● **The problem**:
Find and copy each line in the material below where the string "blocks" occurs.

● **Record set**:
•••••

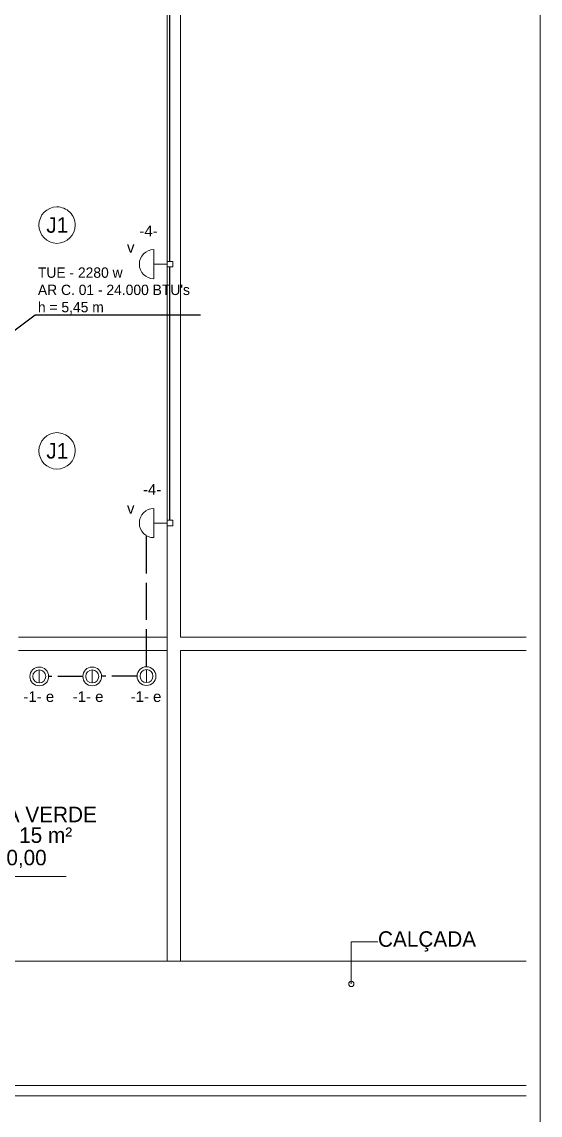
# Model space of a CAD drawing. Header units: millimetres. Extents: x -3501 to 2443, y -1417 to 2787.
# Drawn here: x -1757 to -1257, y -615 to 441 of the extents above; entities that cross this region are included whole.
import ezdxf

# ---------------------------------------------------------------- set-up
doc = ezdxf.new("R2010")
doc.units = ezdxf.units.MM
doc.linetypes.add('ACAD_ISO02W100', pattern=[15, 12, -3])
for name, color, linetype, lineweight in [('EL-SIMB-P-CIRC', 1, 'Continuous', 20), ('Eletroduto', 160, 'Continuous', 30), ('Pontos Elétricos', 1, 'Continuous', 20), ('TXT e CIRCUITOS', 7, 'Continuous', 30)]:
    doc.layers.add(name, color=color, linetype=linetype, lineweight=lineweight)
doc.layers.add('PDF_Geometry', color=7, linetype='Continuous')
doc.layers.add('Texto', color=7, linetype='Continuous')
doc.styles.add('PDF Bahnschrift', font='bahnschrift.ttf')
doc.styles.add('txt 2mm', font='arial.ttf', dxfattribs={"height": 100})

# ---------------------------------------------------------------- blocks, each defined once
blk = doc.blocks.new('splot')
at = {"layer": 'EL-SIMB-P-CIRC', "ltscale": 3}
blk.add_line((132640, 68732.5), (132640, 68607.5), dxfattribs=at)
blk.add_circle((132640, 68670), 90.6, dxfattribs=at)
at = {"layer": 'EL-SIMB-P-CIRC', "color": 1}
blk.add_circle((132640, 68670), 62.5, dxfattribs=at)
blk = doc.blocks.new('spot')
at = {"layer": 'EL-SIMB-P-CIRC'}
blk.add_blockref('splot', (0, 0), dxfattribs=at)
blk = doc.blocks.new('caixa arandela')
at = {"layer": 'EL-SIMB-P-CIRC', "color": 1}
for p, q in [((138180, 42644), (138180, 42362)), ((137999, 42476), (137999, 42530)), ((137999, 42530), (138052, 42530)), ((138052, 42476), (137999, 42476)), ((138052, 42530), (138052, 42476)), ((138180, 42503), (138052, 42503))]:
    blk.add_line(p, q, dxfattribs=at)
blk.add_arc((138180, 42503), 141, 270, 90, dxfattribs=at)

msp = doc.modelspace()

# ---------------------------------------------------------------- linework, layer by layer
at = {"layer": 'Eletroduto'}
for points in [[(-1614.4, 209.8), (-1614.4, 454.5)], [(-1614.4, -40.2), (-1614.4, 204.5)]]:
    msp.add_lwpolyline(points, dxfattribs=at)
at = {"layer": 'Eletroduto', "linetype": 'ACAD_ISO02W100', "ltscale": 3}
msp.add_lwpolyline([(-1637.1, -181.4), (-1637.1, -51.7)], dxfattribs=at)
at = {"layer": 'Eletroduto', "linetype": 'ACAD_ISO02W100', "ltscale": 2}
for points in [[(-1698.6, -190.9), (-1731.5, -190.9)], [(-1646.5, -190.6), (-1680.4, -190.8)]]:
    msp.add_lwpolyline(points, dxfattribs=at)
at = {"layer": 'PDF_Geometry', "lineweight": 18}
for p, q in [((-1617.1, 2027.3), (-1617.1, -466)), ((-1617.1, -153), (-1617.1, 1661.4)), ((-1617.1, -165.9), (-1617.1, -153)), ((-1617.1, -466), (-1617.1, -165.9))]:
    msp.add_line(p, q, dxfattribs=at)
for points in [[(-1257.1, 2737.2), (-1257.1, -1367.4)], [(-1760.6, -153), (-1617.1, -153), (-1760.6, -153)], [(-1604.2, -153), (-1270.4, -153), (-1604.2, -153)], [(-1760.6, -165.9), (-1617.1, -165.9), (-1760.6, -165.9)], [(-1604.2, -165.9), (-1604.2, -466), (-1604.2, -438.5)], [(-1604.2, -165.9), (-1270.4, -165.9), (-1604.2, -165.9)], [(-2273.6, -466), (-1270.4, -466)], [(-2129.9, -466), (-1617.1, -466), (-1610.5, -466), (-1617.1, -466), (-1604.2, -466), (-1610.5, -466)], [(-2858.1, -586), (-3362.5, -586), (-2858.1, -586), (-2840.8, -586), (-2840.8, -596), (-2858.1, -596), (-3362.5, -596), (-1270.4, -596), (-2273.4, -596), (-2290.7, -596), (-2840.8, -596), (-2840.8, -586)], [(-2273.6, -586), (-2273.4, -586), (-1270.4, -586), (-2273.6, -586), (-2290.7, -586), (-2290.7, -596), (-2290.7, -586)]]:
    msp.add_lwpolyline(points, dxfattribs=at)
msp.add_lwpolyline([(-1604.2, 2027.3), (-1604.2, -153)], close=True, dxfattribs=at)
at = {"layer": 'Texto', "lineweight": 9}
for points in [[(-1723.5, 227.3, 0.411152), (-1706, 244.9, 0.415663), (-1723.5, 262.5)], [(-1723.5, 9.3, 0.411152), (-1706, 26.9, 0.415663), (-1723.5, 44.5)]]:
    msp.add_lwpolyline(points, format="xyb", dxfattribs=at)
for points in [[(-1799.4, -384.1), (-1714.5, -384.1)], [(-1439.5, -487.8), (-1439.5, -447.2), (-1413.9, -447.2)]]:
    msp.add_lwpolyline(points, dxfattribs=at)
for points in [[(-1740.9, 244.9), (-1740.9, 254.6), (-1733.3, 262.5), (-1723.5, 262.5)], [(-1723.5, 227.3), (-1733.3, 227.3), (-1740.9, 235.4), (-1740.9, 244.9)], [(-1740.9, 26.9), (-1740.9, 36.6), (-1733.3, 44.5), (-1723.5, 44.5)], [(-1723.5, 9.3), (-1733.3, 9.3), (-1740.9, 17.4), (-1740.9, 26.9)], [(-1441.8, -487.8), (-1441.8, -486.3), (-1440.8, -485.3), (-1439.3, -485.3)], [(-1439.3, -485.3), (-1438, -485.3), (-1436.8, -486.3), (-1436.8, -487.8)], [(-1439.3, -490.4), (-1440.8, -490.4), (-1441.8, -489.1), (-1441.8, -487.8)], [(-1436.8, -487.8), (-1436.8, -489.1), (-1438, -490.4), (-1439.3, -490.4)]]:
    msp.add_open_spline(points, degree=3, dxfattribs=at)
at = {"layer": 'Texto', "color": 1, "lineweight": 9}
for points in [[(-1441.8, -487.8), (-1441.8, -486.3), (-1440.8, -485.3), (-1439.3, -485.3)], [(-1439.3, -485.3), (-1438, -485.3), (-1436.8, -486.3), (-1436.8, -487.8)], [(-1439.3, -490.4), (-1440.8, -490.4), (-1441.8, -489.1), (-1441.8, -487.8)], [(-1436.8, -487.8), (-1436.8, -489.1), (-1438, -490.4), (-1439.3, -490.4)]]:
    msp.add_open_spline(points, degree=3, dxfattribs=at)
at = {"layer": 'TXT e CIRCUITOS'}
for p, q in [((-1770.3, 139), (-1744.7, 158.2)), ((-1744.7, 158.2), (-1584.9, 158.2))]:
    msp.add_line(p, q, dxfattribs=at)

# ---------------------------------------------------------------- block references
at = {"layer": 'Pontos Elétricos', "ltscale": 3, "xscale": 0.1, "yscale": 0.1, "zscale": 0.1, "rotation": 180}
for p in [(12188.1, 4457.5), (12188.1, 4207.5)]:
    msp.add_blockref('caixa arandela', p, dxfattribs=at)
at = {"layer": 'Pontos Elétricos', "xscale": 0.1, "yscale": 0.1, "zscale": 0.1}
for p in [(-15004.6, -7057.9), (-14953.5, -7057.9), (-14901.1, -7057.6)]:
    msp.add_blockref('spot', p, dxfattribs=at)

# ---------------------------------------------------------------- texts
at = {"layer": 'Texto', "attachment_point": 4, "style": 'PDF Bahnschrift'}
for s, insert, char_height in [('J1', (-1733.8, 244.9), 14.99), ('J1', (-1733.8, 26.9), 14.99), ('ÁREA VERDE', (-1814.2, -324.2), 14.99), ('A= 15 m²', (-1790.7, -344.3), 14.99), ('0,00', (-1772.3, -367.2), 14.9), ('CALÇADA', (-1413.6, -446.8), 14.99)]:
    msp.add_mtext(s, dxfattribs=dict(at, insert=insert, char_height=char_height))
at = {"layer": 'TXT e CIRCUITOS', "ltscale": 3, "attachment_point": 1, "style": 'txt 2mm'}
for s, width, insert, char_height in [('-4-', 19.611, (-1643.9, 244.4), 10.33), ('v', 19.611, (-1655.9, 228.6), 10.3), ('-4-', 19.611, (-1640.5, -5.2), 10.33), ('v', 19.611, (-1655.9, -23.4), 10.3), ('-1- e', 37.99, (-1755.9, -205.2), 10.33), ('-1- e', 37.99, (-1708.3, -205.2), 10.33), ('-1- e', 37.99, (-1652.4, -205.2), 10.33)]:
    msp.add_mtext_dynamic_manual_height_columns(s, width=width, gutter_width=51.6, heights=[0], dxfattribs=dict(at, insert=insert, char_height=char_height))
at = {"layer": 'TXT e CIRCUITOS', "insert": (-1741.9, 189.8), "char_height": 10, "width": 156.089, "attachment_point": 4, "style": 'PDF Bahnschrift'}
msp.add_mtext("\\PTUE - 2280 w\\PAR C. 01 - 24.000 BTU's\\Ph = 5,45 m", dxfattribs=at)

doc.saveas('drawing.dxf')

•••••

● **Solution to this problem**:
# ---------------------------------------------------------------- blocks, each defined once
blk = doc.blocks.new('splot')
blk = doc.blocks.new('spot')
blk = doc.blocks.new('caixa arandela')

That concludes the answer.